Nous avions eu à le décrier en son temps à la FECOFA. A voir de près, les statuts de la FECOFA sont loin d’être ceux d’une fédération de football. Ils sont plutôt des textes conçus pour qu’un groupe de copains se pérennise à la tête du football de la RDC pour le plaisir et parce que leurs estomacs et leurs portefeuilles dépendaient de l’argent du football du congolais.

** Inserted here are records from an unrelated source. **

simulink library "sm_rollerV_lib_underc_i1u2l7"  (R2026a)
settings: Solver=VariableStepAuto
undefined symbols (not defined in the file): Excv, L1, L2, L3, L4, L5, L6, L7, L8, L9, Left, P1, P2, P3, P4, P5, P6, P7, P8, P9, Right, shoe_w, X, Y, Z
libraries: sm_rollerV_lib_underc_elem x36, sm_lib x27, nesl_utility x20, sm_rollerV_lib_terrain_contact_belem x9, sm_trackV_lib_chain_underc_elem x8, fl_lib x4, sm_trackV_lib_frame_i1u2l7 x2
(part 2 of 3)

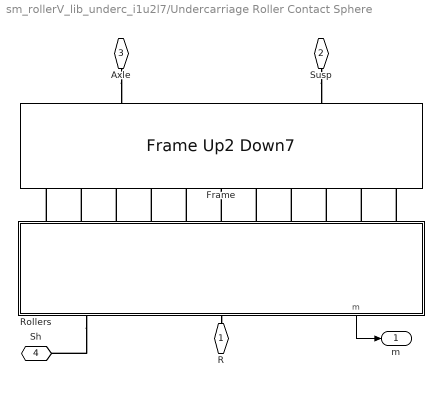
== system sm_rollerV_lib_underc_i1u2l7/Undercarriage Roller Contact Sphere ==
  Frame : sm_trackV_lib_frame_i1u2l7/Frame Up2 Down7  popup_leftOrRight=Right  roller_upper_x=roller_upper_x  roller_lower_x=roller_lower_x  idler_x=idler_x  axle_x=axle_x  roller_upper_y=roller_upper_y  roller_lower_y=roller_lower_y  idler_y=idler_y  axle_y=axle_y  frame_cg_offset=frame_cg_offset  frame_mass=frame_mass  frame_moi=frame_moi  frame_poi=frame_poi  frame_susp_offset=frame_susp_offset
  Rollers : Subsystem  mask(Rollers with Ground Contact (Spheres)){sprk_xc=sprk_xc, sprk_len=sprk_len, sprk_rho=sprk_rho, sprk_clr=sprk_clr, sprk_opc=sprk_opc, sprk_contact_geo_clr=sprk_contact_geo_clr, sprk_contact_geo_opc=sprk_contact_geo_opc, idler_rad=idler_rad, idler_len=idler_len, idler_rho=idler_rho, idler_clr=idler_clr, idler_opc=idler_opc, idler_contact_geo_clr=idler_contact_geo_clr, idler_contact_geo_opc=idler_contact_geo_opc, roller_upper_len=roller_upper_len, roller_upper_rad=roller_upper_rad, roller_upper_rho=roller_upper_rho, roller_upper_clr=roller_upper_clr, roller_upper_opc=roller_upper_opc, roller_upper_contgeo_clr=roller_upper_contgeo_clr, roller_upper_contgeo_opc=roller_upper_contgeo_opc, roller_lower_len=roller_lower_len, roller_lower_rad=roller_lower_rad, roller_lower_rho=roller_lower_rho, roller_lower_clr=roller_lower_clr, roller_lower_opc=roller_lower_opc, roller_lower_contgeo_clr=roller_lower_contgeo_clr, roller_lower_contgeo_opc=roller_lower_contgeo_opc, tensioner_cyl_rad=tensioner_cyl_rad, tensioner_cyl_len=tensioner_cyl_len, tensioner_cyl_rho=tensioner_cyl_rho, tensioner_cyl_clr=tensioner_cyl_clr, tensioner_cyl_opc=tensioner_cyl_opc, tensioner_pist_rad=tensioner_pist_rad, tensioner_pist_len=tensioner_pist_len, tensioner_pist_rho=tensioner_pist_rho, tensioner_pist_clr=tensioner_pist_clr, tensioner_pist_opc=tensioner_pist_opc, tensioner_br_length=tensioner_br_length, tensioner_br_width=tensioner_br_width, tensioner_br_height=tensioner_br_height, tensioner_br_thk=tensioner_br_thk, tensioner_br_rho=tensioner_br_rho, tensioner_br_clr=tensioner_br_clr, tensioner_br_opc=tensioner_br_opc, idler_max_ext=idler_max_ext, sprk_rolling_rad=sprk_rolling_rad, idler_rolling_rad=idler_rolling_rad, roller_lower_rolling_rad=roller_lower_rolling_rad, shoe_w=shoe_w, popup_sense_roller=Actuator Torque}
      mask prompts: sprk_xc "Extrusion Data [x y] (m)"; sprk_len "Length (m)"; sprk_rho "Density (kg/m^3)"; sprk_clr "Color [R G B] (0-1)"; sprk_opc "Opacity (0-1)"; sprk_contact_geo_clr "Color [R G B] (0-1)"; sprk_contact_geo_opc "Opacity (0-1)"; idler_rad "Radius (m)"; idler_len "Length(m)"; idler_rho "Density (kg/m^3)"; idler_clr "Color [R G B] (0-1)"; idler_opc "Opacity (0-1)"; idler_contact_geo_clr "Color [R G B] (0-1)"; idler_contact_geo_opc "Opacity (0-1)"; roller_upper_len "Length (m)"; roller_upper_rad "Radius (m)"; roller_upper_rho "Density (kg/m^3)"; roller_upper_clr "Color [R G B] (0-1)"; roller_upper_opc "Opacity (0-1)"; roller_upper_contgeo_clr "Color [R G B] (0-1)"; roller_upper_contgeo_opc "Opacity (0-1)"; roller_lower_len "Length (m)"; roller_lower_rad "Radius (m)"; roller_lower_rho "Density (kg/m^3)"; roller_lower_clr "Color [R G B] (0-1)"; roller_lower_opc "Opacity (0-1)"; roller_lower_contgeo_clr "Color [R G B] (0-1)"; roller_lower_contgeo_opc "Opacity (0-1)"; tensioner_cyl_rad "Radius (m)"; tensioner_cyl_len "Length (m)"; tensioner_cyl_rho "Density (kg/m^3)"; tensioner_cyl_clr "Color [R G B] (0-1)"; tensioner_cyl_opc "Opacity (0-1)"; tensioner_pist_rad "Radius (m)"; tensioner_pist_len "Length (m)"; tensioner_pist_rho "Density (kg/m^3)"; tensioner_pist_clr "Color [R G B] (0-1)"; tensioner_pist_opc "Opacity (0.1)"; tensioner_br_length "Length (m)"; tensioner_br_width "Width (m)"; tensioner_br_height "Height (m)"; tensioner_br_thk "Thickness (m)"; tensioner_br_rho "Density (kg/m^3)"; tensioner_br_clr "Color [R G B] (0-1)"; tensioner_br_opc "Opacity (0.1)"; idler_max_ext "Max Extension in Track (m)"; sprk_rolling_rad "Sprocket Rolling Radius (m)"; idler_rolling_rad "Idler Rolling Radius (m)"; roller_lower_rolling_rad "Lower Roller Rolling Radius (m)"; shoe_w "Shoe Width (m)"; popup_sense_roller "Roller"
      mask help: Models sprocket, rollers, and idler. Components have sphere contact geometry to enable undercarriage to roll along uneven ground. The sprocket has a 1D rotational mechanical interface to the drivetrain.
      mask init:
      | % Sensing a constraint force can be computationally expensive
      | % Use popup to turn it off if quantity is not needed
      | bh = gcb;
      | rvj_bh = Simulink.findBlocks(bh,'ReferenceBlock','sm_lib/Joints/Revolute Joint');
      | if(strcmp(get_param(bh,'popup_sense_roller'),'Constraint Force'))
      |     SCF = 'on'; STF = 'off';
      |     connectedPort = "fc_out";
      |     senseConstraintTorque = "on";
      |     senseTorqueForce = "off";
      | else
      |     SCF = 'off'; STF = 'on';
      |     connectedPort = "t_out";
      |     senseConstraintTorque = "off";
      |     senseTorqueForce = "on";
      | end
      | 
      | f = Simulink.FindOptions('RegExp',true,'SearchDepth',1);
      | bh_rv = Simulink.findBlocks(bh,'Name','Revolute Lower #*',f);
      | bh_ps = Simulink.findBlocks(bh,'Name','PS-SL Lower #*',f);
      | [~, indrv] = sort(getfullname(bh_rv));
      | [~, indps] = sort(getfullname(bh_ps));
      | bh_rv = bh_rv(indrv);
      | bh_ps = bh_ps(indps);
      | 
      | bh_rvspr = get_param([bh '/Revolute Sprocket'],'Handle');
      | bh_rvidl = get_param([bh '/Revolute Idler'],'Handle');
      | 
      | bh_psspr = get_param([bh '/PS-SL Sprocket'],'Handle');
      | bh_psidl = get_param([bh '/PS-SL Idler'],'Handle');
      | 
      | bh_rv = [bh_rv; bh_rvidl; bh_rvspr];
      | bh_ps = [bh_ps; bh_psidl; bh_psspr];
      | 
      | for i = 1:length(bh_rv)
      |     port_rv = get_param(bh_rv(i),'PortHandles');
      |     port_ps = get_param(bh_ps(i),'PortHandles');
      |     line_rv = get_param(bh_rv(i),'LineHandles');
      | 
      |     if (i==length(bh_rv))
      |         lineInd = 3; % Sprocket joint senses 2 signals
      |     else
      |         lineInd = 2; % All other joints sense 1 signal
      |     end
      |     delete_line(line_rv.RConn(lineInd))
      | 
      |     set_param(bh_rv(i),'SenseConstraintForce',SCF,'SenseTorqueForce',STF);
      |     %port_rv = get_param(bh_rv(1),'PortHandles')
      |     %add_line(bh,port_rv.RConn(lineInd),port_ps.LConn,'autorouting','on');
      |     simscape.addConnection(bh_rv(i), connectedPort, bh_ps(i),'input');
      | end
      mask TypeOptions sprk_xc: Sprocket/sprk_xc
      mask TypeOptions sprk_len: Sprocket/sprk_len
      mask TypeOptions sprk_rho: Sprocket/sprk_rho
      mask TypeOptions sprk_clr: Sprocket/sprk_clr
      mask TypeOptions sprk_opc: Sprocket/sprk_opc
      mask TypeOptions sprk_contact_geo_clr: Sprocket/sprk_contact_geo_clr
      mask TypeOptions sprk_contact_geo_opc: Sprocket/sprk_contact_geo_opc
      mask TypeOptions idler_rad: Idler/idler_rad
      mask TypeOptions idler_len: Idler/idler_len
      mask TypeOptions idler_rho: Idler/idler_rho
      mask TypeOptions idler_clr: Idler/idler_clr
      mask TypeOptions idler_opc: Idler/idler_opc
      mask TypeOptions idler_contact_geo_clr: Idler/idler_contact_geo_clr
      mask TypeOptions idler_contact_geo_opc: Idler/idler_contact_geo_opc
      mask TypeOptions roller_upper_len:
      | Roller
      | Upper 1/roller_upper_len | Roller
      | Upper 2/roller_upper_len
      mask TypeOptions roller_upper_rad:
      | Roller
      | Upper 1/roller_upper_rad | Roller
      | Upper 2/roller_upper_rad
      mask TypeOptions roller_upper_rho:
      | Roller
      | Upper 1/roller_upper_rho | Roller
      | Upper 2/roller_upper_rho
      mask TypeOptions roller_upper_clr:
      | Roller
      | Upper 1/roller_upper_clr | Roller
      | Upper 2/roller_upper_clr
      mask TypeOptions roller_upper_opc:
      | Roller
      | Upper 1/roller_upper_opc | Roller
      | Upper 2/roller_upper_opc
      mask TypeOptions roller_upper_contgeo_clr:
      | Roller
      | Upper 1/roller_upper_contgeo_clr | Roller
      | Upper 2/roller_upper_contgeo_clr
      mask TypeOptions roller_upper_contgeo_opc:
      | Roller
      | Upper 1/roller_upper_contgeo_opc | Roller
      | Upper 2/roller_upper_contgeo_opc
      mask TypeOptions roller_lower_len:
      | Roller
      | Lower 1/roller_lower_len | Roller
      | Lower 2/roller_lower_len | Roller
      | Lower 3/roller_lower_len | Roller
      | Lower 4/roller_lower_len | Roller
      | Lower 5/roller_lower_len | Roller
      | Lower 6/roller_lower_len | Roller
      | Lower 7/roller_lower_len
      mask TypeOptions roller_lower_rad:
      | Roller
      | Lower 1/roller_lower_rad | Roller
      | Lower 2/roller_lower_rad | Roller
      | Lower 3/roller_lower_rad | Roller
      | Lower 4/roller_lower_rad | Roller
      | Lower 5/roller_lower_rad | Roller
      | Lower 6/roller_lower_rad | Roller
      | Lower 7/roller_lower_rad
      mask TypeOptions roller_lower_rho:
      | Roller
      | Lower 1/roller_lower_rho | Roller
      | Lower 2/roller_lower_rho | Roller
      | Lower 3/roller_lower_rho | Roller
      | Lower 4/roller_lower_rho | Roller
      | Lower 5/roller_lower_rho | Roller
      | Lower 6/roller_lower_rho | Roller
      | Lower 7/roller_lower_rho
      mask TypeOptions roller_lower_clr:
      | Roller
      | Lower 1/roller_lower_clr | Roller
      | Lower 2/roller_lower_clr | Roller
      | Lower 3/roller_lower_clr | Roller
      | Lower 4/roller_lower_clr | Roller
      | Lower 5/roller_lower_clr | Roller
      | Lower 6/roller_lower_clr | Roller
      | Lower 7/roller_lower_clr
      mask TypeOptions roller_lower_opc:
      | Roller
      | Lower 1/roller_lower_opc | Roller
      | Lower 2/roller_lower_opc | Roller
      | Lower 3/roller_lower_opc | Roller
      | Lower 4/roller_lower_opc | Roller
      | Lower 5/roller_lower_opc | Roller
      | Lower 6/roller_lower_opc | Roller
      | Lower 7/roller_lower_opc
      mask TypeOptions roller_lower_contgeo_clr:
      | Roller
      | Lower 1/roller_lower_contgeo_clr | Roller
      | Lower 2/roller_lower_contgeo_clr | Roller
      | Lower 3/roller_lower_contgeo_clr | Roller
      | Lower 4/roller_lower_contgeo_clr | Roller
      | Lower 5/roller_lower_contgeo_clr | Roller
      | Lower 6/roller_lower_contgeo_clr | Roller
      | Lower 7/roller_lower_contgeo_clr
      mask TypeOptions roller_lower_contgeo_opc:
      | Roller
      | Lower 1/roller_lower_contgeo_opc | Roller
      | Lower 2/roller_lower_contgeo_opc | Roller
      | Lower 3/roller_lower_contgeo_opc | Roller
      | Lower 4/roller_lower_contgeo_opc | Roller
      | Lower 5/roller_lower_contgeo_opc | Roller
      | Lower 6/roller_lower_contgeo_opc | Roller
      | Lower 7/roller_lower_contgeo_opc
      mask TypeOptions tensioner_cyl_rad:
      | Tensioner
      | Cylinder/cyl_rad
      mask TypeOptions tensioner_cyl_len:
      | Tensioner
      | Cylinder/cyl_len
      mask TypeOptions tensioner_cyl_rho:
      | Tensioner
      | Cylinder/cyl_rho
      mask TypeOptions tensioner_cyl_clr:
      | Tensioner
      | Cylinder/cyl_clr
      mask TypeOptions tensioner_cyl_opc:
      | Tensioner
      | Cylinder/cyl_opc
      mask TypeOptions tensioner_pist_rad:
      | Tensioner
      | Piston/pist_rad
      mask TypeOptions tensioner_pist_len:
      | Tensioner
      | Piston/pist_len
      mask TypeOptions tensioner_pist_rho:
      | Tensioner
      | Piston/pist_rho
      mask TypeOptions tensioner_pist_clr:
      | Tensioner
      | Piston/pist_clr
      mask TypeOptions tensioner_pist_opc:
      | Tensioner
      | Piston/pist_opc
      mask TypeOptions tensioner_br_length:
      | Tensioner
      | Piston/br_length
      mask TypeOptions tensioner_br_width:
      | Tensioner
      | Piston/br_width
      mask TypeOptions tensioner_br_height:
      | Tensioner
      | Piston/br_height
      mask TypeOptions tensioner_br_thk:
      | Tensioner
      | Piston/br_thk
      mask TypeOptions tensioner_br_rho:
      | Tensioner
      | Piston/br_rho
      mask TypeOptions tensioner_br_clr:
      | Tensioner
      | Piston/br_clr
      mask TypeOptions tensioner_br_opc:
      | Tensioner
      | Piston/br_opc
      mask TypeOptions idler_max_ext:
      | Transform
      | Idler Extend/TranslationStandardOffset
      mask TypeOptions sprk_rolling_rad:
      | Constrain
      | Rollers
      | Idler/sprk_rolling_rad | Sprocket/sprk_rolling_rad
      mask TypeOptions idler_rolling_rad:
      | Constrain
      | Rollers
      | Idler/idler_rolling_rad | Idler/idler_rolling_rad
      mask TypeOptions roller_lower_rolling_rad:
      | Constrain
      | Rollers
      | Idler/roller_lower_rolling_rad | Roller
      | Lower 1/roller_lower_rolling_rad | Roller
      | Lower 2/roller_lower_rolling_rad | Roller
      | Lower 3/roller_lower_rolling_rad | Roller
      | Lower 4/roller_lower_rolling_rad | Roller
      | Lower 5/roller_lower_rolling_rad | Roller
      | Lower 6/roller_lower_rolling_rad | Roller
      | Lower 7/roller_lower_rolling_rad
      mask TypeOptions shoe_w:
      | Idler/idler_contact_geo_width | Roller
      | Lower 1/roller_lower_contgeo_width | Roller
      | Lower 2/roller_lower_contgeo_width | Roller
      | Lower 3/roller_lower_contgeo_width | Roller
      | Lower 4/roller_lower_contgeo_width | Roller
      | Lower 5/roller_lower_contgeo_width | Roller
      | Lower 6/roller_lower_contgeo_width | Roller
      | Lower 7/roller_lower_contgeo_width | Sprocket/sprk_contact_geo_w
      mask TypeOptions popup_sense_roller: Constraint Force | Actuator Torque
      mask DialogControl cont_sprk Prompt: Sprocket
      mask DialogControl cont_sprk_solid Prompt: Solid
      mask DialogControl cont_sprk_contact_geo Prompt: Contact Geometry
      mask DialogControl cont_idler Prompt: Idler
      mask DialogControl cont_idler_solid Prompt: Solid
      mask DialogControl cont_idler_contact_geo Prompt: Contact Geometry
      mask DialogControl cont_rollers Prompt: Rollers
      mask DialogControl cont_roller_upper Prompt: Upper
      mask DialogControl cont_roller_upper_contact_geo Prompt: Contact Geometry
      mask DialogControl cont_lower Prompt: Lower
      mask DialogControl cont_lower_contact_geo Prompt: Contact Geometry
      mask DialogControl cont_tensioner Prompt: Tensioner
      mask DialogControl cont_tensioner_cyl Prompt: Cylinder
      mask DialogControl cont_tensioner_pist Prompt: Piston
      mask DialogControl cont_tensioner_brkt Prompt: Bracket
      mask DialogControl cont_tensioner_assy Prompt: Assembly
      mask DialogControl cont_rolling Prompt: Rolling
      mask DialogControl cont_constr_len Prompt: Constraints and Length
      mask DialogControl cont_sensing Prompt: Sensing
      mask Display: image('sm_excv_track_rollerssphere_IMAGE.png');
  R : PMIOPort  Side=Right
  Susp : PMIOPort  Port=2  Side=Right
  Axle : PMIOPort  Port=3  Side=Right
  Sh : PMIOPort  Port=4  Side=Right
  m : Outport
  wires:
  Rollers/1(m) -> m/1
  connections:
  Rollers/RConn1 -- R/RConn1
  Susp/RConn1 -- Frame/LConn1
  Rollers/LConn7 -- Frame/RConn7
  Rollers/LConn5 -- Frame/RConn5
  Rollers/LConn4 -- Frame/RConn4
  Rollers/LConn8 -- Frame/RConn8
  Rollers/LConn10 -- Frame/RConn10
  Rollers/LConn9 -- Frame/RConn9
  Rollers/LConn6 -- Frame/RConn6
  Rollers/LConn1 -- Frame/RConn1
  Rollers/LConn11 -- Frame/RConn11
  Rollers/LConn3 -- Frame/RConn3
  Rollers/LConn2 -- Frame/RConn2
  Rollers/RConn2 -- Sh/RConn1
  Axle/RConn1 -- Frame/LConn2

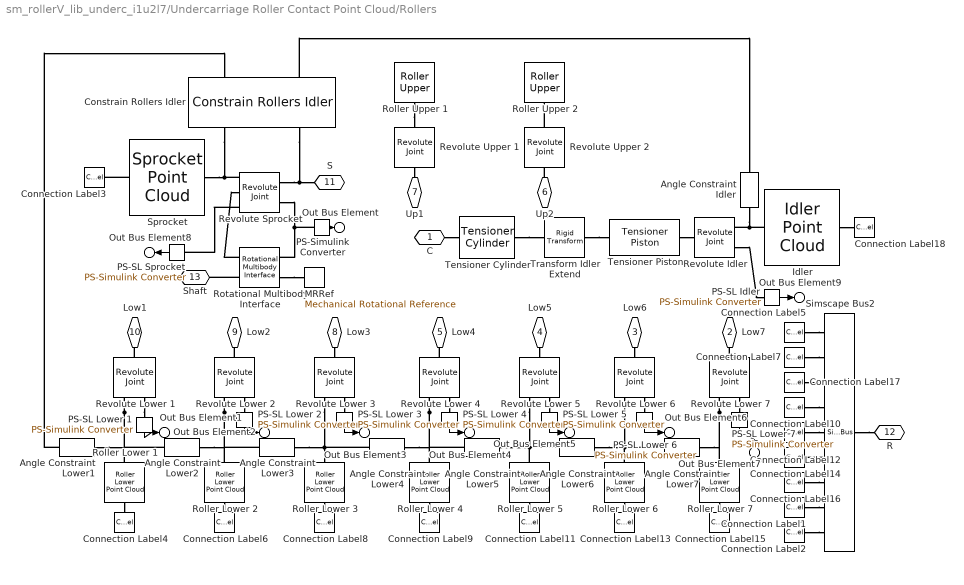
== system sm_rollerV_lib_underc_i1u2l7/Undercarriage Roller Contact Point Cloud/Rollers ==
  Angle Constraint Idler : sm_rollerV_lib_underc_elem/Angle Constraint  SystemSampleTime=-1  VariantActivationTime=update diagram  EmptyChoice=off  PassThrough=off  PassThroughVariantControl=(default)  EmptyChoiceVariantControl=(default)  AllowFlexibleInterface=on  Latency=0  AutoFrameSizeCalculation=off
  Angle Constraint Lower{1..7} (7 alike) : sm_rollerV_lib_underc_elem/Angle Constraint  SystemSampleTime=-1  VariantActivationTime=update diagram  EmptyChoice=off  PassThrough=off  PassThroughVariantControl=(default)  EmptyChoiceVariantControl=(default)  AllowFlexibleInterface=on  Latency=0  AutoFrameSizeCalculation=off
  Connection Label1 : ConnectionLabel  Label=Spr
  Connection Label10 : ConnectionLabel  Label=L4
  Connection Label11 : ConnectionLabel  Label=L5
  Connection Label12 : ConnectionLabel  Label=L5
  Connection Label13 : ConnectionLabel  Label=L6
  Connection Label14 : ConnectionLabel  Label=L6
  Connection Label15 : ConnectionLabel  Label=L7
  Connection Label16 : ConnectionLabel  Label=L7
  Connection Label17 : ConnectionLabel  Label=L3
  Connection Label18 : ConnectionLabel  Label=Idl
  Connection Label2 : ConnectionLabel  Label=Idl
  Connection Label3 : ConnectionLabel  Label=Spr
  Connection Label4 : ConnectionLabel  Label=L1
  Connection Label5 : ConnectionLabel  Label=L1
  Connection Label6 : ConnectionLabel  Label=L2
  Connection Label7 : ConnectionLabel  Label=L2
  Connection Label8 : ConnectionLabel  Label=L3
  Connection Label9 : ConnectionLabel  Label=L4
  Constrain Rollers Idler : sm_rollerV_lib_underc_elem/Constrain Rollers Idler  sprk_rolling_rad=sprk_rolling_rad  roller_lower_rolling_rad=roller_lower_rolling_rad  idler_rolling_rad=idler_rolling_rad
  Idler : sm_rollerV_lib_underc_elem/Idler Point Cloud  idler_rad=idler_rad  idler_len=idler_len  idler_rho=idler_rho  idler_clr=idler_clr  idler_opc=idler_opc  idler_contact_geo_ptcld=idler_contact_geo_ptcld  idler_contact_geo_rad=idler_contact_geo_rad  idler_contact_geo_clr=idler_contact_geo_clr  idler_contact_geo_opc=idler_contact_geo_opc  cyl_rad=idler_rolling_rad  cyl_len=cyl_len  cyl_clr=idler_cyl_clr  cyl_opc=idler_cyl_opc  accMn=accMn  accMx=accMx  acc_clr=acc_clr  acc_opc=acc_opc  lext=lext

Assemblée générale pour des réformes ou rien

Le préambule des statuts type de la FIFA est plus clair là-dessus en ces termes : « Les Statuts Standard contiennent toutes les dispositions qui devraient figurer dans des textes constitutifs dignes de ce nom. » Or, les statuts de la FECOFA ne contiennent pas tous les textes des statuts type de la FIFA ; c’est que les statuts de la FECOFA sont indignes d’être le soubassement juridique devant gérer le football. Il faut donc impérativement convoquer une assemblée générale extraordinaire pour la révision des actuels statuts pour les adapter à ceux de la FIFA et des réalités du football moderne.